Required work: In the listing below, find the line that contains "line L5 (52.8599, 53.3299)" and the line that contains "line L0 (-18.796, 73.7946)". Quote both and every line between them, exactly, and nothing more.
=== Information ===
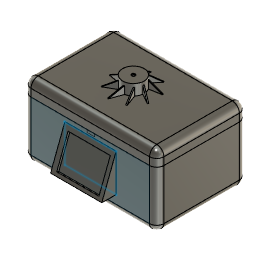
payload_v1 (Autodesk Fusion 360 design; units mm, degrees)
part number: 2026-08-17-00-12-50-066
Autodesk Fusion 360 part; units mm, degrees
sketch "Sketch1" plane through (0, 0, 0) normal (0, 0, 1) x (1, 0, 0)
  line L0 (-184.8982, 100.5485) -> (0, 100.5485)
  line L1 (0, 100.5485) -> (0, 0)
  line L2 (0, 0) -> (-184.8982, 0)
  line L3 (-184.8982, 0) -> (-184.8982, 100.5485)
  constraint horizontal L0
  constraint vertical L1
  constraint horizontal L2
  constraint vertical L3
  constraint coincident L1.end L2.start
extrude "Extrude1" add sketch "Sketch1" along normal blind 55 makes body 1
extrude "Extrude2" add 1 faces at (-61.6327, 33.5162, 55) along direction (0, 0, 1) blind 70 on bodies 1 bodies 1
fillet "Fillet1" radius 10 4 faces at (-61.6327, 33.5162, 125) (0, 67.0324, 41.6667) (-61.6327, 33.5162, 0) (-184.8982, 33.5162, 41.6667) on bodies 1
shell "Shell1" thickness 3 removed faces 0 bodies 1
move_body "Move1" bodies 1 to x (-1, 0, 0) y (0, 0, 1) z (0, 1, 0) at (-83.2188, 8.796, -6.2054)
ref_plane "WorkPlane1" through (9.2303, 71.296, 73.7946) normal (0, 0, -1) x (-1, 0, 0)
split "Split1" by plane through (9.2303, 71.296, 73.7946) normal (0, 0, -1) bodies 1 makes body 2 at (-18.2528, 53.796, -6.2054)
sketch "Sketch4" plane through (-80.2188, 0, 0) normal (1, 0, 0) x (0, 1, 0)
  line L0 (123.796, 73.7946) -> (18.796, 73.7946)
  line L1 (18.796, 73.7946) -> (18.796, 3.7946)
  line L2 (18.796, 3.7946) -> (123.796, 3.7946)
  line L3 (123.796, 3.7946) -> (123.796, 73.7946)
  circle A0 centre (80, 40) radius 24
  circle A1 centre (80, 40) radius 19
  dimension "d12" = 48
  dimension "d13" = 38
  constraint concentric A0 A1
  measures "d12" diameter of A0
  measures "d13" diameter of A1
extrude "Extrude3" add sketch "Sketch4" along normal blind 140 contours A0 bodies 2
sketch "Sketch5" plane through (-80.2188, 0, 0) normal (1, 0, 0) x (0, 1, 0)
  line L0 (123.796, 73.7946) -> (18.796, 73.7946)
  line L1 (18.796, 73.7946) -> (18.796, 3.7946)
  line L2 (18.796, 3.7946) -> (123.796, 3.7946)
  line L3 (123.796, 3.7946) -> (123.796, 73.7946)
  circle A0 centre (80, 40) radius 24
  circle A1 centre (35.8064, 47.1409) radius 16
  dimension "d16" = 32
  measures "d16" diameter of A1
extrude "Extrude4" add sketch "Sketch5" along normal blind 165 contours A1 bodies 2
ref_plane "WorkPlane2" through (9.2303, 71.296, 51.7946) normal (0, 0, 1) x (1, 0, 0)
sketch "Sketch7" plane through (-80.2188, 0, 0) normal (1, 0, 0) x (0, 1, 0)
  line L0 (123.796, 73.7946) -> (18.796, 73.7946)
  line L1 (18.796, 73.7946) -> (18.796, 3.7946)
  line L2 (18.796, 3.7946) -> (123.796, 3.7946)
  line L3 (123.796, 3.7946) -> (123.796, 73.7946)
  line L4 (21.0519, 53.3299) -> (52.8599, 53.3299)
  line L5 (52.8599, 53.3299) -> (52.8599, 70.0891)
  line L6 (52.8599, 70.0891) -> (21.0519, 70.0891)
  line L7 (21.0519, 70.0891) -> (21.0519, 53.3299)
  circle A0 centre (35.8064, 47.1409) radius 16
  circle A1 centre (80, 40) radius 24
  constraint horizontal L4
  constraint vertical L5
  constraint horizontal L6
  constraint vertical L7
  constraint coincident L4.start A0
extrude "Extrude5" cut sketch "Sketch7" along normal blind 165 contours L4 A0 | L4 L5 L6 L7 A0 picked at (38.0786, 56.092) bodies 2
sketch "Sketch8" plane through (-80.2188, 0, 0) normal (1, 0, 0) x (0, 1, 0)
  circle A0 centre (36.0552, 46.7697) radius 14
  dimension "d23" = 28
  measures "d23" diameter of A0
extrude "Extrude6" cut sketch "Sketch8" along normal blind 163 bodies 2
sketch "Sketch9" plane through (59.7812, 0, 0) normal (1, 0, 0) x (0, 1, 0)
  circle A0 centre (80, 40) radius 19
  circle A1 centre (80, 40) radius 24
  circle A2 centre (80, 40) radius 24
  circle A3 centre (80, 40) radius 5
  constraint concentric A0 A3
extrude "Extrude7" add sketch "Sketch9" along normal blind 3 contours A0 bodies 2
sketch "Sketch11" plane through (98.6794, 0, 0) normal (-1, 0, 0) x (0, -1, 0)
  line L0 (-18.796, 73.7946) -> (-123.796, 73.7946)
  line L1 (-123.796, 73.7946) -> (-123.796, 3.7946)
  line L2 (-123.796, 3.7946) -> (-18.796, 3.7946)
  line L3 (-18.796, 3.7946) -> (-18.796, 73.7946)
sketch "Sketch12" plane through (0, 0, 94.3432) normal (0, 0, 1) x (-1, 0, 0)
  line L0 (73.2188, -18.796) -> (-91.6794, -18.796)
  line L1 (-91.6794, -18.796) -> (-91.6794, -123.796)
  line L2 (-91.6794, -123.796) -> (73.2188, -123.796)
  line L3 (73.2188, -123.796) -> (73.2188, -18.796)
  circle A0 centre (-6.7055, -71.3462) radius 15
  dimension "d28" = 30
  measures "d28" diameter of A0
extrude "Extrude8" add sketch "Sketch12" along normal blind 15 contours A0 bodies 1
sketch "Sketch14" plane through (0, 0, 0) normal (1, 0, 0) x (0, 1, 0)
  line L0 (103.7018, 93.3906) -> (74.4371, 110.9684)
rib "Rib1" add thickness 1.5 on both sides direction (0, -0.514904, -0.857248) up to next extending the curves path "Sketch14" along L0 bodies 1
pattern_circular "C-Pattern1" count 9 over 360 about axis through (6.7055, 71.3462, 94.3432) along (0, 0, 1) of "Rib1"
hole "Hole1" at (6.7055, 71.3462, 109.3432) direction (0, 0, -1) diameter 3 depth 20 tip angle 180 counterbore diameter 5 counterbore depth 1 bodies 1
sketch "Sketch15" plane through (0, 8.796, 0) normal (0, -1, 0) x (1, 0, 0)
  line L0 (91.6794, 73.7946) -> (-73.2188, 73.7946)
  line L1 (-73.2188, 73.7946) -> (-73.2188, 3.7946)
  line L2 (-73.2188, 3.7946) -> (91.6794, 3.7946)
  line L3 (91.6794, 3.7946) -> (91.6794, 73.7946)
  line L4 (-26.054, 67.7879) -> (45.2264, 67.7879)
  line L5 (45.2264, 67.7879) -> (45.2264, 15.633)
  line L6 (45.2264, 15.633) -> (-26.054, 15.633)
  line L7 (-26.054, 15.633) -> (-26.054, 67.7879)
  constraint horizontal L4
  constraint vertical L5
  constraint horizontal L6
  constraint vertical L7
extrude "Extrude11" add sketch "Sketch15" along normal blind 20 contours L4 L5 L6 L7 bodies 2
sketch "Sketch18" plane through (-26.054, 0, 0) normal (-1, 0, 0) x (0, -1, 0)
  line L0 (-8.796, 67.7879) -> (-8.796, 15.633)
  line L1 (-8.796, 15.633) -> (11.204, 15.633)
  line L2 (11.204, 15.633) -> (11.204, 67.7879)
  line L3 (11.204, 67.7879) -> (-8.796, 67.7879)
  line L4 (-8.796, 67.7879) -> (11.204, 15.633)
  constraint coincident L0.start L3.end
  constraint coincident L1.end L2.start
extrude "Extrude12" cut sketch "Sketch18" against normal blind 64 contours L2 L3 L4 bodies 2
sketch "Sketch20" plane through (0, 11.796, 0) normal (0, 1, 0) x (-1, 0, 0)
  line L0 (73.2188, 73.7946) -> (-91.6794, 73.7946)
  line L1 (-91.6794, 73.7946) -> (-91.6794, 3.7946)
  line L2 (-91.6794, 3.7946) -> (73.2188, 3.7946)
  line L3 (73.2188, 3.7946) -> (73.2188, 73.7946)
  line L4 (17, 73) -> (35.556, 73)
  line L5 (35.556, 73) -> (35.556, 49.5)
  line L6 (35.556, 49.5) -> (17, 49.5)
  line L7 (17, 49.5) -> (17, 73)
  line L8 (34.056, 71.5) -> (34.056, 51)
  line L9 (34.056, 51) -> (18.5, 51)
  line L10 (18.5, 51) -> (18.5, 71.5)
  line L11 (18.5, 71.5) -> (34.056, 71.5)
  dimension "d52" = 23.5
  dimension "d57" = 1.5
  constraint horizontal L4
  constraint vertical L5
  constraint horizontal L6
  constraint vertical L7
  measures "d52" distance of L4.start L6.end
ref_plane "WorkPlane3" through (-26.278, 13.296, 61.25) normal (0, 1, 0) x (-1, 0, 0)
ref_plane "WorkPlane4" through (-26.278, 13.296, 61.25) normal (0, 1, 0) x (-1, 0, 0)
extrude "Extrude13" add sketch "Sketch20" along normal blind 3 contours L4 L5 L6 L7 bodies 2
sketch "Sketch21" plane through (0, 14.796, 0) normal (0, 1, 0) x (-1, 0, 0)
  line L0 (18.5, 51) -> (18.5, 71.5)
  line L1 (18.5, 71.5) -> (34.056, 71.5)
  line L2 (34.056, 71.5) -> (34.056, 51)
  line L3 (34.056, 51) -> (18.5, 51)
  line L4 (17, 49.5) -> (35.556, 49.5)
  line L5 (35.556, 49.5) -> (35.556, 73)
  line L6 (35.556, 73) -> (17, 73)
  line L7 (17, 73) -> (17, 49.5)
  line L8 (17, 71) -> (35.556, 71)
  line L9 (35.556, 71) -> (35.556, 51.1682)
  line L10 (35.556, 51.1682) -> (17, 51.1682)
  line L11 (17, 51.1682) -> (17, 71)
  constraint horizontal L8
  constraint vertical L9
  constraint horizontal L10
  constraint vertical L11
  constraint coincident L5 L9.end
  constraint coincident L7 L8.start
extrude "Extrude14" cut sketch "Sketch21" against normal blind 3 contours L0 L7 L8 L10 L11 bodies 2
extrude "Extrude15" cut sketch "Sketch21" against normal blind 3 contours L2 L5 L8 L9 L10 bodies 2
sketch "Sketch22" plane through (0, -14.9939, 5.7498) normal (0, -0.933702, 0.35805) x (1, 0, 0)
  line L0 (37.946, 66.4431) -> (-26.054, 66.4431)
  line L1 (-26.054, 66.4431) -> (-26.054, 10.585)
  line L2 (-26.054, 10.585) -> (37.946, 10.585)
  line L3 (37.946, 10.585) -> (37.946, 66.4431)
extrude "Extrude16" cut sketch "Sketch18" along normal blind 0 and the other way blind 100 contours L2 L3 L4 bodies 2
sketch "Sketch23" plane through (0, -14.9939, 5.7498) normal (0, -0.933702, 0.35805) x (1, 0, 0)
  line L0 (-26.054, 66.4431) -> (-26.054, 10.585)
  line L1 (-26.054, 10.585) -> (45.2264, 10.585)
  line L2 (45.2264, 10.585) -> (45.2264, 66.4431)
  line L3 (45.2264, 66.4431) -> (-26.054, 66.4431)
  line L4 (-19.0726, 59.295) -> (39.6557, 59.295)
  line L5 (39.6557, 59.295) -> (39.6557, 15.295)
  line L6 (39.6557, 15.295) -> (-19.0726, 15.295)
  line L7 (-19.0726, 15.295) -> (-19.0726, 59.295)
  dimension "d68" = 44
  constraint horizontal L4
  constraint vertical L5
  constraint horizontal L6
  constraint vertical L7
  measures "d68" distance of L4.start L6.end
extrude "Extrude17" cut sketch "Sketch23" against normal blind 3 contours L4 L5 L6 L7 bodies 2
sketch "Sketch24" plane through (0, 0, 73.7946) normal (0, 0, 1) x (-1, 0, 0)
  arc A0 (80.2188, -18.796) -> (73.2188, -11.796) centre (73.2188, -18.796) ccw
  line L0 (80.2188, -18.796) -> (80.2188, -123.796)
  arc A1 (73.2188, -130.796) -> (80.2188, -123.796) centre (73.2188, -123.796) ccw
  line L1 (73.2188, -130.796) -> (-91.6794, -130.796)
  arc A2 (-98.6794, -123.796) -> (-91.6794, -130.796) centre (-91.6794, -123.796) ccw
  line L2 (-98.6794, -123.796) -> (-98.6794, -18.796)
  arc A3 (-91.6794, -11.796) -> (-98.6794, -18.796) centre (-91.6794, -18.796) ccw
  line L3 (-91.6794, -11.796) -> (73.2188, -11.796)
  arc A4 (83.2188, -18.796) -> (73.2188, -8.796) centre (73.2188, -18.796) ccw
  line L4 (73.2188, -8.796) -> (-91.6794, -8.796)
  arc A5 (-91.6794, -8.796) -> (-101.6794, -18.796) centre (-91.6794, -18.796) ccw
  line L5 (-101.6794, -18.796) -> (-101.6794, -123.796)
  arc A6 (-101.6794, -123.796) -> (-91.6794, -133.796) centre (-91.6794, -123.796) ccw
  line L6 (-91.6794, -133.796) -> (73.2188, -133.796)
  arc A7 (73.2188, -133.796) -> (83.2188, -123.796) centre (73.2188, -123.796) ccw
  line L7 (83.2188, -123.796) -> (83.2188, -18.796)
  line L8 (-15, -9.5) -> (-4.5, -9.5)
  line L9 (-4.5, -9.5) -> (-4.5, -11.5)
  line L10 (-4.5, -11.5) -> (-15, -11.5)
  line L11 (-15, -11.5) -> (-15, -9.5)
  constraint horizontal L8
  constraint vertical L9
  constraint horizontal L10
  constraint vertical L11
extrude "Extrude18" cut sketch "Sketch24" against normal blind 4 contours L8 L9 L10 L11 bodies 2
===
Solved exercise:
  line L5 (52.8599, 53.3299) -> (52.8599, 70.0891)
  line L6 (52.8599, 70.0891) -> (21.0519, 70.0891)
  line L7 (21.0519, 70.0891) -> (21.0519, 53.3299)
  circle A0 centre (35.8064, 47.1409) radius 16
  circle A1 centre (80, 40) radius 24
  constraint horizontal L4
  constraint vertical L5
  constraint horizontal L6
  constraint vertical L7
  constraint coincident L4.start A0
extrude "Extrude5" cut sketch "Sketch7" along normal blind 165 contours L4 A0 | L4 L5 L6 L7 A0 picked at (38.0786, 56.092) bodies 2
sketch "Sketch8" plane through (-80.2188, 0, 0) normal (1, 0, 0) x (0, 1, 0)
  circle A0 centre (36.0552, 46.7697) radius 14
  dimension "d23" = 28
  measures "d23" diameter of A0
extrude "Extrude6" cut sketch "Sketch8" along normal blind 163 bodies 2
sketch "Sketch9" plane through (59.7812, 0, 0) normal (1, 0, 0) x (0, 1, 0)
  circle A0 centre (80, 40) radius 19
  circle A1 centre (80, 40) radius 24
  circle A2 centre (80, 40) radius 24
  circle A3 centre (80, 40) radius 5
  constraint concentric A0 A3
extrude "Extrude7" add sketch "Sketch9" along normal blind 3 contours A0 bodies 2
sketch "Sketch11" plane through (98.6794, 0, 0) normal (-1, 0, 0) x (0, -1, 0)
  line L0 (-18.796, 73.7946) -> (-123.796, 73.7946)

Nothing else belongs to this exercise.